The use of designed, solid free form scaffolds for gene therapy directed bone tissue engineerin

Varied clinical problems have created a need to repair and regenerate bone. Tissue engineering is an alternative to conventional therapies that may allow the generation of functional tissue. The hypothesis of this work is that combining solid freeform fabricated scaffolds and localized gene therapy will result in the formation of biologically and mechanically functional bone throughout the scaffold. Initial experiments focused on the use of fibrin and collagen hydrogels to suspend and deliver adenoviral vectors. Results showed that the hydrogels maintained or extended the activity of adenoviral vectors in vitro. In vivo, gels containing adenovirus expressing bone morphogenetic protein-7 led to ectopic bone formation. In vivo experiments were undertaken to optimize the combination of scaffolds and gene therapy, focusing on the type of gene therapy (in vivo or ex vivo), the carrier (hydrogel or polymer), and the scaffold pore size. In vivo implantation triggered the generation of bone with marrow space and vasculature.

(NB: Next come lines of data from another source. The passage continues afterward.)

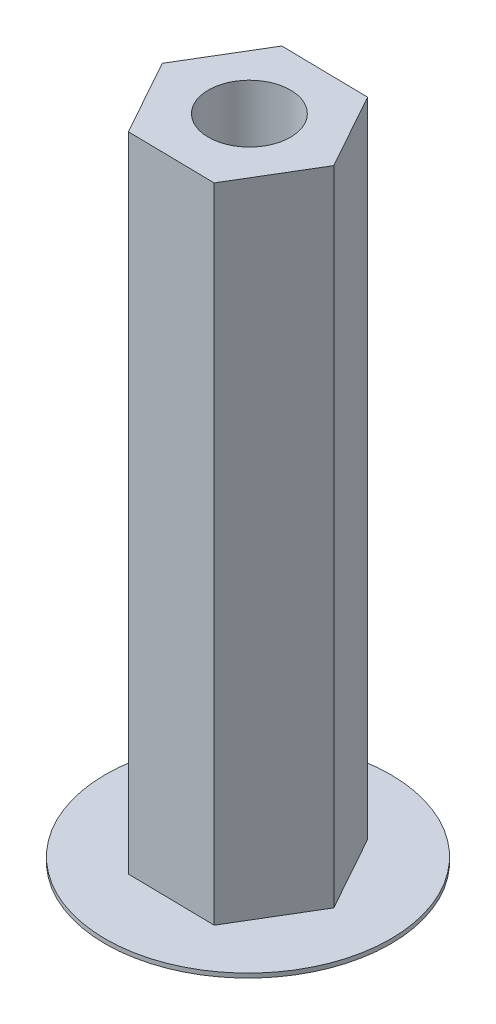
from build123d import *

# Parameters (mm, degrees)
SKETCH1_R           = 1.9
BOSS_EXTRUDE1_DEPTH = 30
SKETCH3_R           = 6.607376419
SKETCH3_R_2         = 1.965008769
BOSS_EXTRUDE2_DEPTH = 0.2


with BuildPart() as part:
    # Sketch1 → Boss-Extrude1 (new body)
    with BuildSketch(Plane(origin=(0, 0, 0), x_dir=(1, 0, 0), z_dir=(0, 1, 0))):
        Polygon((1.964165255, -3.532051555), (4.040929001, -0.065008769), (2.076763746, 3.467042785), (-1.964165255, 3.532051555), (-4.040929001, 0.065008769), (-2.076763746, -3.467042785), align=None)
        with Locations((0, 0.065008769)):
            Circle(SKETCH1_R, mode=Mode.SUBTRACT)
    extrude(amount=BOSS_EXTRUDE1_DEPTH)

    # Sketch3 → Boss-Extrude2 (add)
    with BuildSketch(Plane(origin=(0, 0, 0), x_dir=(-1, 0, 0), z_dir=(0, -1, 0))):
        Circle(SKETCH3_R)
        Circle(SKETCH3_R_2, mode=Mode.SUBTRACT)
    extrude(amount=-BOSS_EXTRUDE2_DEPTH)


solid = part.part
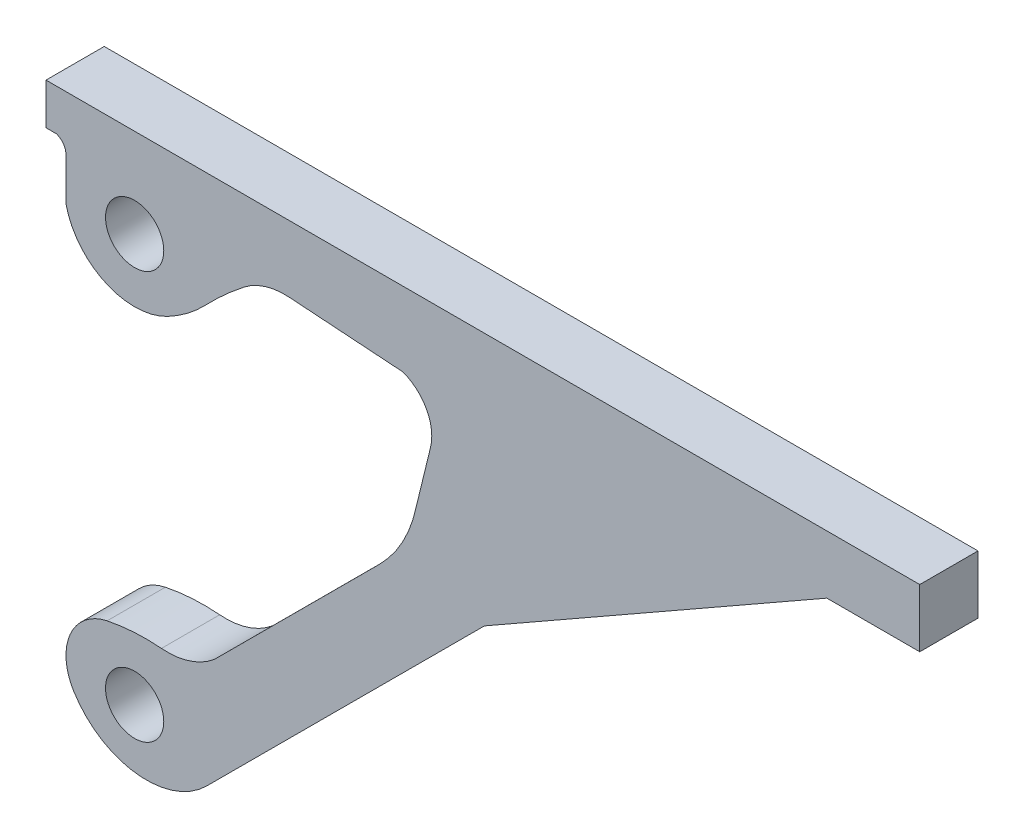
from build123d import *

# Parameters (mm, degrees)
SZKIC2_R                    = 10
DODANIE_WYCI_GNI_CIE2_DEPTH = 20


with BuildPart() as part:
    # Szkic2 → Dodanie-wyciągnięcie2 (new body)
    with BuildSketch(Plane.XY):
        with BuildLine():
            Line((0, 185.8153975), (0, 200))
            Line((0, 200), (300, 200))
            Line((300, 200), (300, 179.99999))
            Line((300, 179.99999), (268.100984266, 179.99999))
            Line((268.100984266, 179.99999), (150.537685313, 112.968737031))
            Line((150.537685313, 112.968737031), (55.152827757, 17.668229265))
            ThreePointArc((55.152827757, 17.668229265), (30.970417819, 9.307465427), (9.446642737, 23.142870322))
            ThreePointArc((9.446642737, 23.142870322), (8.323346954, 39.404883236), (20.969056487, 49.690839091))
            ThreePointArc((20.969056487, 49.690839091), (30.26105361, 50.929938535), (39.634727212, 50.825913662))
            ThreePointArc((39.634727212, 50.825913662), (49.37359719, 51.953421869), (57.922039747, 56.753525311))
            Line((57.922039747, 56.753525311), (114.485527726, 113.266993629))
            ThreePointArc((114.485527726, 113.266993629), (122.461819258, 123.951300931), (127.060971476, 136.466229937))
            Line((127.060971476, 136.466229937), (132.025285125, 156.762570766))
            ThreePointArc((132.025285125, 156.762570766), (130.65411111, 167.466839441), (122.461819258, 174.491641238))
            Line((122.461819258, 174.491641238), (83.453647812, 177.186358886))
            ThreePointArc((83.453647812, 177.186358886), (75.274757646, 176.24414951), (67.979862212, 172.427540613))
            ThreePointArc((67.979862212, 172.427540613), (61.096304048, 166.616485937), (54.641338034, 160.332765448))
            ThreePointArc((54.641338034, 160.332765448), (48.563505303, 154.928947374), (41.697006274, 150.570909792))
            ThreePointArc((41.697006274, 150.570909792), (20.320793886, 150.001184012), (6.859784063, 166.616485937))
            Line((6.859784063, 166.616485937), (6.859784063, 181.256700403))
            ThreePointArc((6.859784063, 181.256700403), (5.949401229, 184.069477829), (3.56355164, 185.8153975))
            Line((3.56355164, 185.8153975), (0, 185.8153975))
        make_face()
        with Locations((30.431430438, 29.443458524)):
            Circle(SZKIC2_R, mode=Mode.SUBTRACT)
        with Locations((30.431430438, 169.443458524)):
            Circle(SZKIC2_R, mode=Mode.SUBTRACT)
    extrude(amount=DODANIE_WYCI_GNI_CIE2_DEPTH)


solid = part.part
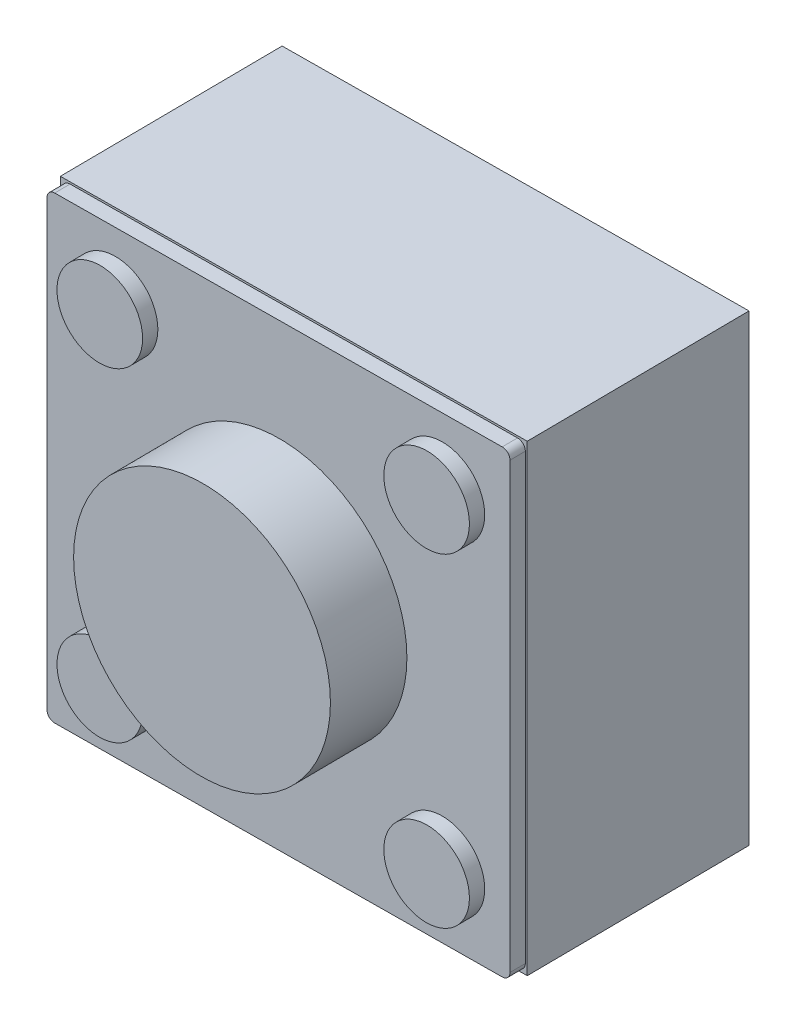
from build123d import *

# Parameters (mm, degrees)
SKETCH1_W             = 5.95
SKETCH1_H             = 5.95
BOSS_EXTRUDE1_DEPTH   = 0.1
BOSS_EXTRUDE2_START   = 0.1
SKETCH2_W             = 6
SKETCH2_H             = 6
BOSS_EXTRUDE2_DEPTH   = 2.9
FILLET1_R             = 0.1
BOSS_EXTRUDE3_START   = -0.1
SKETCH3_R             = 1.65
SKETCH3_R_2           = 0.55
BOSS_EXTRUDE3_DEPTH   = 0.2
BOSS_EXTRUDE4_START   = -0.1
SKETCH4_R             = 1.65
BOSS_EXTRUDE4_DEPTH   = 1
BODY_MOVE_COPY1_ANGLE = 179.5


with BuildPart() as part:
    # Sketch1 → Boss-Extrude1 (new body, symmetric)
    with BuildSketch(Plane.XY):
        with Locations((-2.975, -2.975)):
            Rectangle(SKETCH1_W, SKETCH1_H)
    extrude(amount=BOSS_EXTRUDE1_DEPTH, both=True)

    # Sketch2 → Boss-Extrude2 (add)
    with BuildSketch(Plane.XY.offset(BOSS_EXTRUDE2_START)):
        with Locations((-2.975, -2.975)):
            Rectangle(SKETCH2_W, SKETCH2_H)
    extrude(amount=BOSS_EXTRUDE2_DEPTH)

    # Fillet1
    fillet1_edges = [part.edges().sort_by_distance(p)[0] for p in [
        (0, -5.95, 0),
        (-5.95, -5.95, 0),
        (-5.95, 0, 0),
        (0, 0, 0),
    ]]
    fillet(fillet1_edges, radius=FILLET1_R)

    # Sketch3 → Boss-Extrude3 (add)
    with BuildSketch(Plane.XY.offset(BOSS_EXTRUDE3_START)):
        with Locations((-2.975, -2.975)):
            Circle(SKETCH3_R)
        with Locations((-5.075, -0.875)):
            Circle(SKETCH3_R_2)
        with Locations((-5.075, -5.075)):
            Circle(SKETCH3_R_2)
        with Locations((-0.875, -5.075)):
            Circle(SKETCH3_R_2)
        with Locations((-0.875, -0.875)):
            Circle(SKETCH3_R_2)
    extrude(amount=-BOSS_EXTRUDE3_DEPTH)

    # Sketch4 → Boss-Extrude4 (add)
    with BuildSketch(Plane.XY.offset(BOSS_EXTRUDE4_START)):
        with Locations((-2.975, -2.975)):
            Circle(SKETCH4_R)
    extrude(amount=-BOSS_EXTRUDE4_DEPTH)


with BuildPart() as part_1:
    # Body-Move/Copy1: moved
    add(part.part.rotate(Axis((-2.975, 0, 0.95), (0, -1, 0)), BODY_MOVE_COPY1_ANGLE))


solid = part_1.part
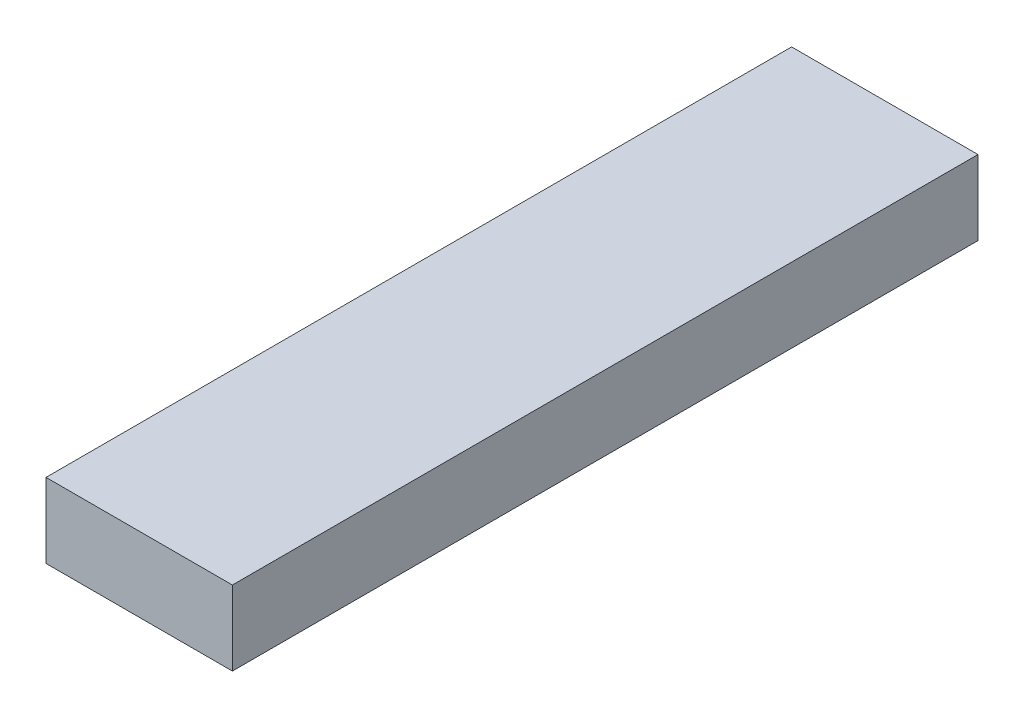
from build123d import *

# Parameters (mm, degrees)
CROQUIS1_W              = 0.5
CROQUIS1_H              = 0.2
SALIENTE_EXTRUIR1_DEPTH = 2


with BuildPart() as part:
    # Croquis1 → Saliente-Extruir1 (new body)
    with BuildSketch(Plane.XY):
        with Locations((0.25, 0.1)):
            Rectangle(CROQUIS1_W, CROQUIS1_H)
    extrude(amount=SALIENTE_EXTRUIR1_DEPTH)


solid = part.part
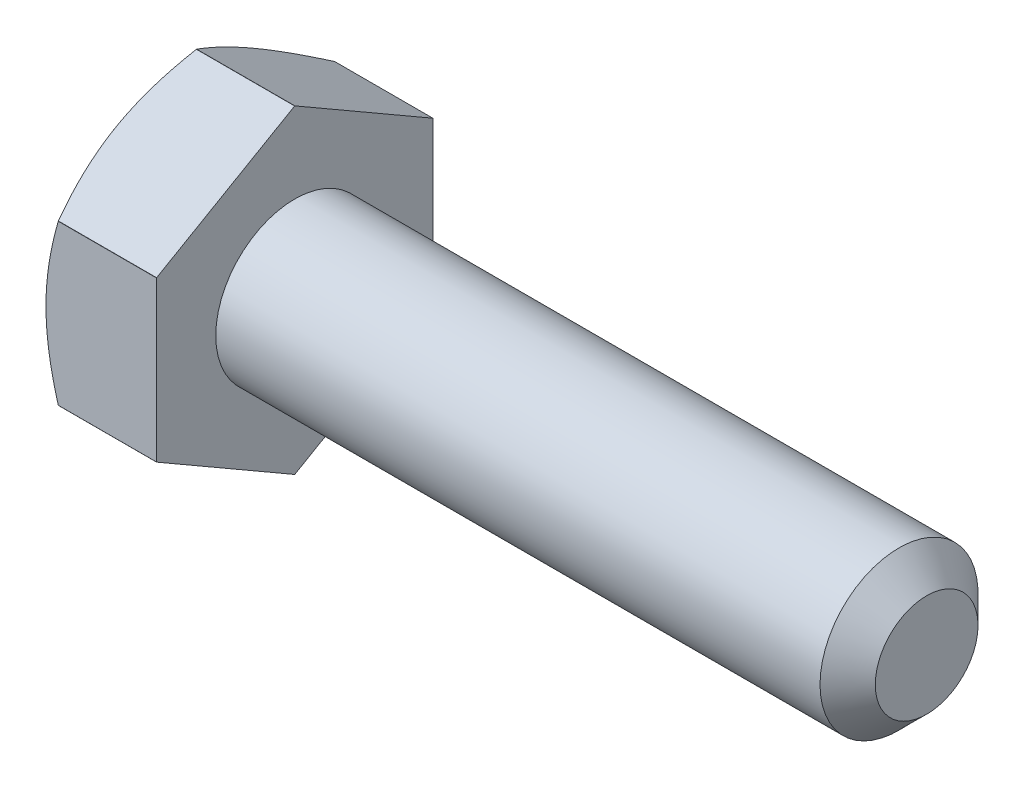
from build123d import *

# Parameters (mm, degrees)
SKETCH_2_OUTSIDE_W  = 14.48
SKETCH_2_OUTSIDE_H  = 14.48
CUT_EXTRUDE_1_DEPTH = 18.8
CHAMFER_1_SIZE      = 0.7


with BuildPart() as part:
    # Эскиз1 → Повернуть1 (revolve)
    with BuildSketch(Plane.XY):
        Polygon((-12.8, 0), (-12.8, 4.04), (-10, 4.04), (-10, 2), (6, 2), (6, 0), align=None)
    revolve(axis=Axis((-21.700276243, 0, 0), (1, 0, 0)))

    # Эскиз2 outside → Вырез-Вытянуть1 (cut)
    with BuildSketch(Plane.ZY.offset(12.8)):
        Rectangle(SKETCH_2_OUTSIDE_W, SKETCH_2_OUTSIDE_H)
        Polygon((0, 4.041451884), (-3.5, 2.020725942), (-3.5, -2.020725942), (0, -4.041451884), (3.5, -2.020725942), (3.5, 2.020725942), align=None, mode=Mode.SUBTRACT)
    extrude(amount=-CUT_EXTRUDE_1_DEPTH, mode=Mode.SUBTRACT)

    # Фаска1
    chamfer_1_edges = [part.edges().sort_by_distance(p)[0] for p in [
        (6, -2, 0),
    ]]
    chamfer(chamfer_1_edges, length=CHAMFER_1_SIZE)

    # Эскиз5 → Вырез-Повернуть1 (revolve, cut)
    with BuildSketch(Plane(origin=(0, 0, 0), x_dir=(-1, 0, 0), z_dir=(0, 0.5, -0.866025404))):
        Polygon((12.8, 3.497483906), (12.8, 6.497483906), (11.067949192, 6.497483906), align=None)
    revolve(axis=Axis((0, 0, 0), (-1, 0, 0)), mode=Mode.SUBTRACT)


solid = part.part

The variables tested had various effects on bone generation: gene therapy method had the largest effect, with ex vivo gene therapy generating significantly more bone than in vivo gene therapy; carrier type also had a significant effect, with scaffolds seeded with fibrin gel showing more bone generation; pore size did not have a significant effect. The results demonstrated the conditions best suited to maximize the formation of bone and in the final phase of the thesis these conditions were combined with topology optimized scaffolds. These scaffolds were implanted in vivo and then evaluated mechanically and histologically. Over extended implantation times, large amounts of bone formed. Though the bone volume was relatively constant over time, it was increasingly localized on the scaffold contours as time increased. The compressive modulus of the bone increased as the modulus of the degrading scaffold declined. Thus, the overall modulus of the implant was nearly constant, an excellent indicator that such an implant could continuously function in a load bearing site. These results show designed solid freeform fabricated scaffolds combined with optimized gene therapy can be used to achieve rapid osteogenesis and maintain appropriate mechanical properties, thereby meeting the essential requirements for a bone tissue engineering implant.